The first time I saw The Help, I wasn’t expecting to cry.


But somewhere between the gospel hum of the soundtrack and the image of Skeeter with her notebook clenched like a lifeline, I felt something rise up in my chest...familiar and tender. Not just because the story was powerful. Not just because it was true. But because I’d lived inside it. Because I’d known that kind of woman.


Because I was raised by her.


My mom wasn’t born in Jackson, Mississippi but she could’ve walked onto that set and nobody would’ve batted an eye. She had the same blonde hair, the same stubborn fire. A little awkward, a little too outspoken for her time. But kind, and quick witted, and dangerous in the best way.


She never once tolerated racism. Not from strangers. Not from family. Not from anyone. And when people said things they shouldn’t, her face would shift in this very specific way eyes wide, jaw clenched, fists curling like thunderclouds in her lap. You could feel the air change around her. She didn’t need to scream. She didn’t need a podium. She just had to look at you.


And you knew.



My mom’s name is Liz. And long before I was born, she made a best friend named Beverly.


They met as girls in Hilltop Lakes, Texas a little place tucked between trees and cattle fields, where the roads curve like whispers and secrets. Liz was visiting her aunt Opie, who had a well kept house and a woman who worked for her named Mabel Young. Everyone called her Shanny.


Shanny didn’t just work for the family she was family. Revered, respected, radiant in every room she entered. And one summer, she brought her niece Beverly with her. Just two girls on a porch, drawn together by timing and sweetness. That’s how it started.

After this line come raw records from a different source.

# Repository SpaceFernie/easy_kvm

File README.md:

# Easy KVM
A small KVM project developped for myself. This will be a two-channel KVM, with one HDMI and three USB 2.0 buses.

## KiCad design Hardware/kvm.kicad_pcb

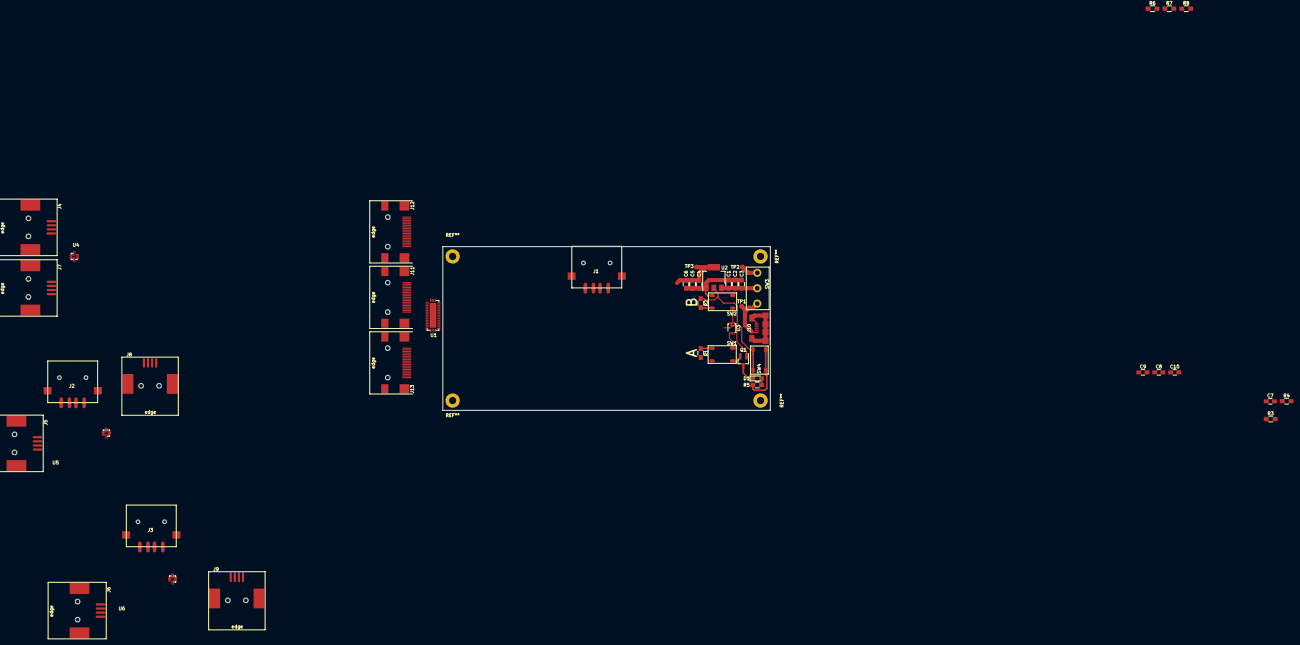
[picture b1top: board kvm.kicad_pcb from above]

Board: 2 copper layers, 100.0 x 50.0 mm, 46 parts (0 on the bottom side), 68 nets.

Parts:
C1, C6, C7, C8, C9, C10: 0.1uF; C_0805_HandSoldering
C2, C5: 1uF; C_0805_HandSoldering
C3: 4.7uF; C_0805_HandSoldering
C4: 10uF; C_0805_HandSoldering
D1: LED; LED_0805_HandSoldering
J1, J2, J3: USB_A; USB_A_SMD
J4, J5, J6, J7, J8, J9: USB_B; USB_B_SMD
J10: USB_B_Micro; micro_usb_smd
J11, J12, J13: HMDI; HDMI_SMD
Q1: Q_NMOS_GSD; SOT-23_Handsoldering
R1, R2: 1k; R_0805_HandSoldering
R3, R4: 10K; R_0805_HandSoldering
R5: 220; R_0805_HandSoldering
R6, R7: 2k; R_0805_HandSoldering
R8: 100k; R_0805_HandSoldering
SW1, SW2, SW4: SW_DIP_x01; TL3342F160_tact_switch
SW3: SW_DPDT_x2; GH39P0
TP1, TP2, TP3: Test_Point; 1.5mm_test_point
U1: TS3DV642; WQFN42
U2: SPX1117; SOT-223-3_TabPin2
U3: Double NAND; VSSOP8_2.4x2.1mm_Pitch0.5mm
U4, U5, U6: TS3USB3031; WQGN12

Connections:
+5V: C1.1, C2.1, C3.1, J11.18, J12.18, J13.18, R6.1, R7.1, SW3.2, U2.3
+5VA: J10.1, SW3.1, TP1.1
+5VD: J1.1, J2.1, J3.1, SW3.3, TP2.1
/HDMI/CEC: J11.13, U1.15
/HDMI/CECA: J12.13, U1.18
/HDMI/CECB: J13.13, U1.20
/HDMI/CLK+: J11.10, U1.12
/HDMI/CLK-: J11.12, U1.13
/HDMI/CLKA+: J12.10, U1.32
/HDMI/CLKA-: J12.12, U1.31
/HDMI/CLKB+: J13.10, U1.23
/HDMI/CLKB-: J13.12, U1.22
/HDMI/D0+: J11.7, U1.5
/HDMI/D0-: J11.9, U1.6
/HDMI/D0A+: J12.7, U1.38
/HDMI/D0A-: J12.9, U1.37
/HDMI/D0B+: J13.7, U1.29
/HDMI/D0B-: J13.9, U1.28
/HDMI/D1+: J11.4, U1.7
/HDMI/D1-: J11.6, U1.8
/HDMI/D1A+: J12.4, U1.36
/HDMI/D1A-: J12.6, U1.35
/HDMI/D1B+: J13.4, U1.27
/HDMI/D1B-: J13.6, U1.26
/HDMI/D2+: J11.1, U1.10
/HDMI/D2-: J11.3, U1.11
/HDMI/D2A+: J12.1, U1.34
/HDMI/D2A-: J12.3, U1.33
/HDMI/D2B+: J13.1, U1.25
/HDMI/D2B-: J13.3, U1.24
/HDMI/HPD: J11.19, R8.1, U1.14
/HDMI/HPDA: J12.19, U1.19
/HDMI/HPDB: J13.19, U1.21
/HDMI/SCL: J11.15, R7.2, U1.3
/HDMI/SCLA: J12.15, U1.42
/HDMI/SCLB: J13.15, U1.40
/HDMI/SDA: J11.16, R6.2, U1.4
/HDMI/SDAA: J12.16, U1.41
/HDMI/SDAB: J13.16, U1.39
/USB/USB1+: J1.3, U4.11
/USB/USB1-: J1.2, U4.10
/USB/USB1A+: J4.3, U4.3
/USB/USB1A-: J4.2, U4.4
/USB/USB1B+: J7.3, U4.5
/USB/USB1B-: J7.2, U4.6
/USB/USB2+: J2.3, U5.11
/USB/USB2-: J2.2, U5.10
/USB/USB2A+: J5.3, U5.3
/USB/USB2A-: J5.2, U5.4
/USB/USB2B+: J8.3, U5.5
/USB/USB2B-: J8.2, U5.6
/USB/USB3+: J3.3, U6.11
/USB/USB3-: J3.2, U6.10
/USB/USB3A+: J6.3, U6.3
/USB/USB3A-: J6.2, U6.4
/USB/USB3B+: J9.3, U6.5
/USB/USB3B-: J9.2, U6.6
CTRL: Q1.1, U1.17, U3.5, U3.7, U4.1, U5.1, U6.1
GND: C1.2, C2.2, C3.2, C4.2, C5.2, C6.2, C7.2, C8.2, C9.2, C10.2, J1.4, J1.5, J2.4, J2.5, J3.4, J3.5, J4.4, J4.5, J5.4, J5.5, J6.4, J6.5, J7.4, J7.5, J8.4, J8.5, J9.4, J9.5, J10.5, J10.6, J11.2, J11.5, J11.8, J11.17, J12.2, J12.5, J12.8, J12.17, J13.2, J13.5, J13.8, J13.17, Q1.2, R8.2, SW1.2, SW2.2, U1.43, U2.1, U3.4, U4.2, U4.9, U5.2, U5.9, U6.2, U6.9
unnamed: D1.1, Q1.3
unnamed: D1.2, R5.2
unnamed: R1.1, SW1.1, U3.1
unnamed: R2.2, SW2.1, U3.6
unnamed: R3.1, U1.2
unnamed: R4.1, U1.16
unnamed: R5.1, SW4.2
unnamed: U3.2, U3.3
VCC: C4.1, C5.1, C6.1, C7.1, C8.1, C9.1, C10.1, R1.2, R2.1, R3.2, R4.2, SW4.1, TP3.1, U1.1, U2.2, U3.8, U4.12, U5.12, U6.12

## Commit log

2017-12-29 Added hardware files and created software and documentation directories
2017-12-29 Added power stage, control logic, and USB muxes
2018-01-01 Designed layout for power stage and for control logic
2018-01-02 USB ports and USB muxes to change

Liz and Beverly. A white girl from Houston. A Black girl from the flats. Girls who became sisters before the world had a chance to tell them they couldn’t be.



They grew up together Liz and Beverly. From summer visits to school days, from learning to dance in living rooms to running drills on the same basketball team. What started as a summertime bond turned into a lifelong sisterhood. And when they grew up, had children of their own… the story circled back.


Because Beverly had a daughter named Chloe.


And my mom had me.


We were born just months apart. Raised like cousins, like sisters. Like we had always belonged to each other. Chloe was my first best friend, the kind of friend who exists in your memory before memory even begins. We played, we laughed, we ran through the flats like the world belonged to us. My mom used to call us the Giggly Goo Girls because we couldn’t stop laughing when we were together late nights, sleepovers, kickball in the heat, storytelling until the stars blinked on.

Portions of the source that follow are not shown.